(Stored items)
○ ○ ○ ○ ○ ○ ○
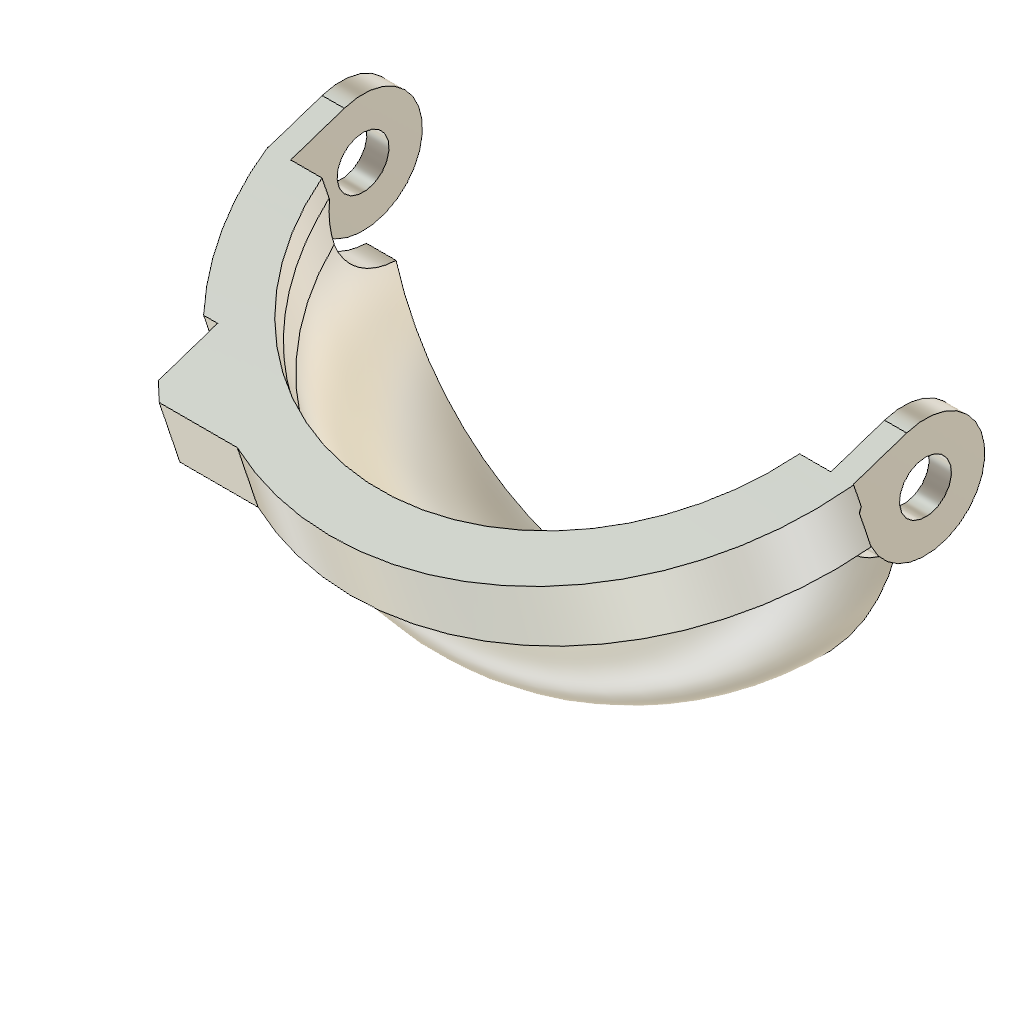
Bottom Left Lid native (Autodesk Fusion 360 design; units mm, degrees)
part number: 2026-10-13-23-16-32-167
Autodesk Fusion 360 part; units mm, degrees
ref_plane "WorkPlane1" through (0, 0, 1.5171) normal (0, 0, 1) x (1, 0, 0)
sketch "Ring A" plane through (0, 0, 1.5171) normal (0, 0, 1) x (1, 0, 0)
  line L0 (-16.5, -0.094) -> (-19.8423, -0.094)
  arc A0 (-19.8423, -0.094) -> (19.8423, -0.094) centre (0, -0.094) ccw
  line L1 (19.8423, -0.094) -> (16.5, -0.094)
  arc A1 (-16.5, -0.094) -> (16.5, -0.094) centre (0, -0.094) ccw
  dimension "d52" = 19.8423
  dimension "d53" = 16.5
  dimension "d54" = 0.094
  dimension "d55" = 16.5
  dimension "d56" = 19.8423
  constraint horizontal L0
  constraint horizontal L1
  constraint coincident A0.centre A1.centre
  constraint vertical origin A0.centre
  measures "d52" radius of A0
  measures "d53" radius of A1
  measures "d54" vertical distance of origin A0.centre
  measures "d55" horizontal distance of origin L0.start
  measures "d56" horizontal distance of origin A0.end
extrude "Ring A (1)" add sketch "Ring A" along normal mid plane 2.9658
ref_plane "WorkPlane2" through (0, -0.094, 0) normal (0, 1, 0) x (0, 0, 1)
sketch "Shell" plane through (0, -0.094, 0) normal (0, 1, 0) x (1, 0, 0)
  line L0 (16.5, -0.5342) -> (18.435, -0.5342)
  line L1 (18.435, -0.5342) -> (18.435, -0.0342)
  arc A0 (18.435, -0.0342) -> (0, 18.4008) centre (0, -0.0342) ccw
  line L2 (0, 18.4008) -> (0, 16.4658)
  arc A1 (16.5, -0.0342) -> (0, 16.4658) centre (0, -0.0342) ccw
  line L3 (16.5, -0.0342) -> (16.5, -0.5342)
  line L4 (0, 18.4008) -> (0, -0.5342) construction
  dimension "d57" = 18.435
  dimension "d58" = 16.5
  dimension "d59" = 0.0342
  dimension "d60" = 0.5342
  dimension "d61" = 18.4008
  dimension "d62" = 0.5342
  constraint horizontal L0
  constraint vertical L1
  constraint vertical L2
  constraint vertical L3
  constraint vertical L4
  constraint tangent L1 A0
  constraint tangent A1 L3
  constraint coincident A0.centre A1.centre
  constraint vertical origin A0.centre
  constraint vertical origin A0.end
  measures "d57" radius of A0
  measures "d58" radius of A1
  measures "d59" vertical distance of origin A0.centre
  measures "d60" vertical distance of origin L0.start
  measures "d61" vertical distance of origin A0.end
  measures "d62" vertical distance of origin L4.end
revolve "Shell (1)" add sketch "Shell" angle 360 about axis through (0, -0.094, -18.4008) along (0, 0, 1)
move_body "Shell to lip frame" bodies 1 to x (1, 0, 0) y (0, 0.999647, 0.026586) z (0, -0.026586, 0.999647) at (0, 0, 0)
ref_plane "WorkPlane3" through (0, 0, 1.7955) normal (0, 0, 1) x (1, 0, 0)
sketch "Ring B" plane through (0, 0, 1.7955) normal (0, 0, 1) x (1, 0, 0)
  line L0 (16.502, -0.1528) -> (20.1014, -0.1528)
  arc A0 (-20.1014, -0.1528) -> (20.1014, -0.1528) centre (0, 0) ccw
  line L1 (-20.1014, -0.1528) -> (-16.502, -0.1528)
  arc A1 (-16.502, -0.1528) -> (16.502, -0.1528) centre (0, -0.1528) ccw
  dimension "d63" = 20.102
  dimension "d64" = 16.502
  dimension "d65" = 0.1528
  dimension "d66" = 16.502
  dimension "d67" = 20.1014
  constraint horizontal L0
  constraint horizontal L1
  constraint coincident A0.centre origin
  constraint vertical A0.centre A1.centre
  measures "d63" radius of A0
  measures "d64" radius of A1
  measures "d65" vertical distance of A0.centre A1.centre
  measures "d66" horizontal distance of A0.centre L0.start
  measures "d67" horizontal distance of A0.centre A0.start
extrude "Ring B (1)" add sketch "Ring B" along normal mid plane 4.409
sketch "Shell trim y-0.1" plane through (0, 0, 0) normal (1, 0, 0) x (0, 0, -1)
  line L0 (25, -8.4589) -> (-25, 8.2481)
  line L1 (-25, 8.2481) -> (-25, 30)
  line L2 (-25, 30) -> (25, 30)
  line L3 (25, 30) -> (25, -8.4589)
  dimension "d68" = 25
  dimension "d69" = 8.4589
  dimension "d70" = 25
  dimension "d71" = 8.2481
  dimension "d72" = 30
  constraint vertical L1
  constraint horizontal L2
  constraint vertical L3
  measures "d68" horizontal distance of origin L0.start
  measures "d69" vertical distance of origin L0.start
  measures "d70" horizontal distance of origin L0.end
  measures "d71" vertical distance of origin L0.end
  measures "d72" vertical distance of origin L1.end
extrude "Shell trim y-0.1 (1)" cut sketch "Shell trim y-0.1" along normal mid plane 42
sketch "Pivot clearance" plane through (0, 0, 0) normal (1, 0, 0) x (0, 0, -1)
  line L0 (-2.3996, -3.8068) -> (-4.5, -3.8068)
  line L1 (-4.5, -3.8068) -> (-4.5, 21)
  line L2 (-4.5, 21) -> (21, 21)
  line L3 (21, 21) -> (21, 0)
  line L4 (21, 0) -> (4.5, 0)
  arc A0 (-2.3996, -3.8068) -> (4.5, 0) centre (0, 0) ccw
  dimension "d73" = 4.5
  dimension "d74" = 2.3996
  dimension "d75" = 4.5
  dimension "d76" = 21
  dimension "d77" = 21
  constraint horizontal L0
  constraint vertical L1
  constraint horizontal L2
  constraint vertical L3
  constraint horizontal L4
  constraint coincident A0.centre origin
  constraint horizontal A0.centre L3.end
  measures "d73" radius of A0
  measures "d74" horizontal distance of A0.centre L0.start
  measures "d75" horizontal distance of A0.centre L0.end
  measures "d76" vertical distance of A0.centre L1.end
  measures "d77" horizontal distance of A0.centre L2.end
extrude "Pivot clearance (1)" cut sketch "Pivot clearance" along normal mid plane 36.4
ref_plane "WorkPlane4" through (20.35, 0, 0) normal (1, 0, 0) x (0, 1, 0)
sketch "Past ear R" plane through (20.35, 0, 0) normal (1, 0, 0) x (0, 0, -1)
  line L0 (-2.3996, -3.8068) -> (-4.5, -3.8068)
  line L1 (-4.5, -3.8068) -> (-4.5, 21)
  line L2 (-4.5, 21) -> (21, 21)
  line L3 (21, 21) -> (21, 0)
  line L4 (21, 0) -> (4.5, 0)
  arc A0 (-2.3996, -3.8068) -> (4.5, 0) centre (0, 0) ccw
  dimension "d78" = 4.5
  dimension "d79" = 2.3996
  dimension "d80" = 4.5
  dimension "d81" = 21
  dimension "d82" = 21
  constraint horizontal L0
  constraint vertical L1
  constraint horizontal L2
  constraint vertical L3
  constraint horizontal L4
  constraint coincident A0.centre origin
  constraint horizontal A0.centre L3.end
  measures "d78" radius of A0
  measures "d79" horizontal distance of A0.centre L0.start
  measures "d80" horizontal distance of A0.centre L0.end
  measures "d81" vertical distance of A0.centre L1.end
  measures "d82" horizontal distance of A0.centre L2.end
extrude "Past ear R (1)" cut sketch "Past ear R" along normal mid plane 1.3
ref_plane "WorkPlane5" through (-20.35, 0, 0) normal (1, 0, 0) x (0, 1, 0)
sketch "Past ear L" plane through (-20.35, 0, 0) normal (1, 0, 0) x (0, 0, -1)
  line L0 (-2.3996, -3.8068) -> (-4.5, -3.8068)
  line L1 (-4.5, -3.8068) -> (-4.5, 21)
  line L2 (-4.5, 21) -> (21, 21)
  line L3 (21, 21) -> (21, 0)
  line L4 (21, 0) -> (4.5, 0)
  arc A0 (-2.3996, -3.8068) -> (4.5, 0) centre (0, 0) ccw
  dimension "d83" = 4.5
  dimension "d84" = 2.3996
  dimension "d85" = 4.5
  dimension "d86" = 21
  dimension "d87" = 21
  constraint horizontal L0
  constraint vertical L1
  constraint horizontal L2
  constraint vertical L3
  constraint horizontal L4
  constraint coincident A0.centre origin
  constraint horizontal A0.centre L3.end
  measures "d83" radius of A0
  measures "d84" horizontal distance of A0.centre L0.start
  measures "d85" horizontal distance of A0.centre L0.end
  measures "d86" vertical distance of A0.centre L1.end
  measures "d87" horizontal distance of A0.centre L2.end
extrude "Past ear L (1)" cut sketch "Past ear L" along normal mid plane 1.3
ref_plane "WorkPlane6" through (18.95, 0, 0) normal (1, 0, 0) x (0, 1, 0)
sketch "Ear R" plane through (18.95, 0, 0) normal (1, 0, 0) x (0, 0, -1)
  line L0 (-4, -4) -> (0.409, -4)
  line L1 (0.409, -4) -> (0.409, -3.979)
  arc A0 (0.409, -3.979) -> (-4, 0) centre (0, 0) ccw
  line L2 (-4, 0) -> (-4, -4)
  dimension "d88" = 4
  dimension "d89" = 4
  dimension "d90" = 0.409
  constraint horizontal L0
  constraint vertical L1
  constraint vertical L2
  constraint tangent A0 L2
  constraint coincident A0.centre origin
  measures "d88" radius of A0
  measures "d89" vertical distance of A0.centre L0.start
  measures "d90" horizontal distance of A0.centre L0.end
extrude "Ear R (1)" add sketch "Ear R" along normal mid plane 1.5
ref_plane "WorkPlane7" through (-18.95, 0, 0) normal (1, 0, 0) x (0, 1, 0)
sketch "Ear L" plane through (-18.95, 0, 0) normal (1, 0, 0) x (0, 0, -1)
  line L0 (-4, -4) -> (0.409, -4)
  line L1 (0.409, -4) -> (0.409, -3.979)
  arc A0 (0.409, -3.979) -> (-4, 0) centre (0, 0) ccw
  line L2 (-4, 0) -> (-4, -4)
  dimension "d91" = 4
  dimension "d92" = 4
  dimension "d93" = 0.409
  constraint horizontal L0
  constraint vertical L1
  constraint vertical L2
  constraint tangent A0 L2
  constraint coincident A0.centre origin
  measures "d91" radius of A0
  measures "d92" vertical distance of A0.centre L0.start
  measures "d93" horizontal distance of A0.centre L0.end
extrude "Ear L (1)" add sketch "Ear L" along normal mid plane 1.5
ref_plane "WorkPlane8" through (18.95, 0, 0) normal (1, 0, 0) x (0, 1, 0)
sketch "Ear hole R" plane through (18.95, 0, 0) normal (1, 0, 0) x (0, 0, -1)
  circle A0 centre (0, 0) radius 1.75
  dimension "d94" = 3.5
  constraint coincident A0.centre origin
  measures "d94" diameter of A0
extrude "Ear hole R (1)" cut sketch "Ear hole R" along normal mid plane 2.5
ref_plane "WorkPlane9" through (-18.95, 0, 0) normal (1, 0, 0) x (0, 1, 0)
sketch "Ear hole L" plane through (-18.95, 0, 0) normal (1, 0, 0) x (0, 0, -1)
  circle A0 centre (0, 0) radius 1.75
  dimension "d95" = 3.5
  constraint coincident A0.centre origin
  measures "d95" diameter of A0
extrude "Ear hole L (1)" cut sketch "Ear hole L" along normal mid plane 2.5
ref_plane "WorkPlane10" through (0, 0, 1.7955) normal (0, 0, 1) x (1, 0, 0)
sketch "Tab notch" plane through (0, 0, 1.7955) normal (0, 0, 1) x (1, 0, 0)
  line L0 (-14.1348, -13.2933) -> (-14.1348, -21)
  line L1 (-14.1348, -21) -> (-21, -21)
  line L2 (-21, -21) -> (-21, -13.2933)
  line L3 (-21, -13.2933) -> (-14.1348, -13.2933)
  dimension "d96" = 14.1348
  dimension "d97" = 13.2933
  dimension "d98" = 21
  dimension "d99" = 21
  constraint vertical L0
  constraint horizontal L1
  constraint vertical L2
  constraint horizontal L3
  measures "d96" horizontal distance of origin L0.start
  measures "d97" vertical distance of origin L0.start
  measures "d98" vertical distance of origin L0.end
  measures "d99" horizontal distance of origin L1.end
extrude "Tab notch (1)" cut sketch "Tab notch" along normal mid plane 5.409
ref_plane "WorkPlane11" through (0, 0, 1.7955) normal (0, 0, 1) x (1, 0, 0)
sketch "Tab" plane through (0, 0, 1.7955) normal (0, 0, 1) x (1, 0, 0)
  line L0 (-14.1348, -13.2933) -> (-6, -18.5)
  line L1 (-6, -18.5) -> (-13.1348, -18.5)
  line L2 (-13.1348, -18.5) -> (-14.1348, -17.5)
  line L3 (-14.1348, -17.5) -> (-14.1348, -13.2933)
  dimension "d100" = 14.1348
  dimension "d101" = 13.2933
  dimension "d102" = 6
  dimension "d103" = 18.5
  dimension "d104" = 13.1348
  dimension "d105" = 17.5
  constraint horizontal L1
  constraint vertical L3
  measures "d100" horizontal distance of origin L0.start
  measures "d101" vertical distance of origin L0.start
  measures "d102" horizontal distance of origin L0.end
  measures "d103" vertical distance of origin L0.end
  measures "d104" horizontal distance of origin L1.end
  measures "d105" vertical distance of origin L2.end
extrude "Tab (1)" add sketch "Tab" along normal mid plane 4.409
ref_plane "WorkPlane12" through (-11.3848, 0, 0) normal (1, 0, 0) x (0, 1, 0)
sketch "Tab pin hole" plane through (-11.3848, 0, 0) normal (1, 0, 0) x (0, 0, -1)
  circle A0 centre (-1.7955, -16) radius 1
  dimension "d106" = 2
  dimension "d107" = 1.7955
  dimension "d108" = 16
  measures "d106" diameter of A0
  measures "d107" horizontal distance of origin A0.centre
  measures "d108" vertical distance of origin A0.centre
extrude "Tab pin hole (1)" cut sketch "Tab pin hole" along normal mid plane 6.5
move_body "Frame x +18.4765 deg" bodies 1 to x (1, 0, 0) y (0, 0.948453, 0.316917) z (0, -0.316917, 0.948453) at (0, 0, 0)
named bodies: "Bottom Left Lid native"
○ ○ ○ ○ ○ ○ ○
## Exercise brief
Where a line in the records above contains the string "notch", return that line.

## Answer space
sketch "Tab notch" plane through (0, 0, 1.7955) normal (0, 0, 1) x (1, 0, 0)
extrude "Tab notch (1)" cut sketch "Tab notch" along normal mid plane 5.409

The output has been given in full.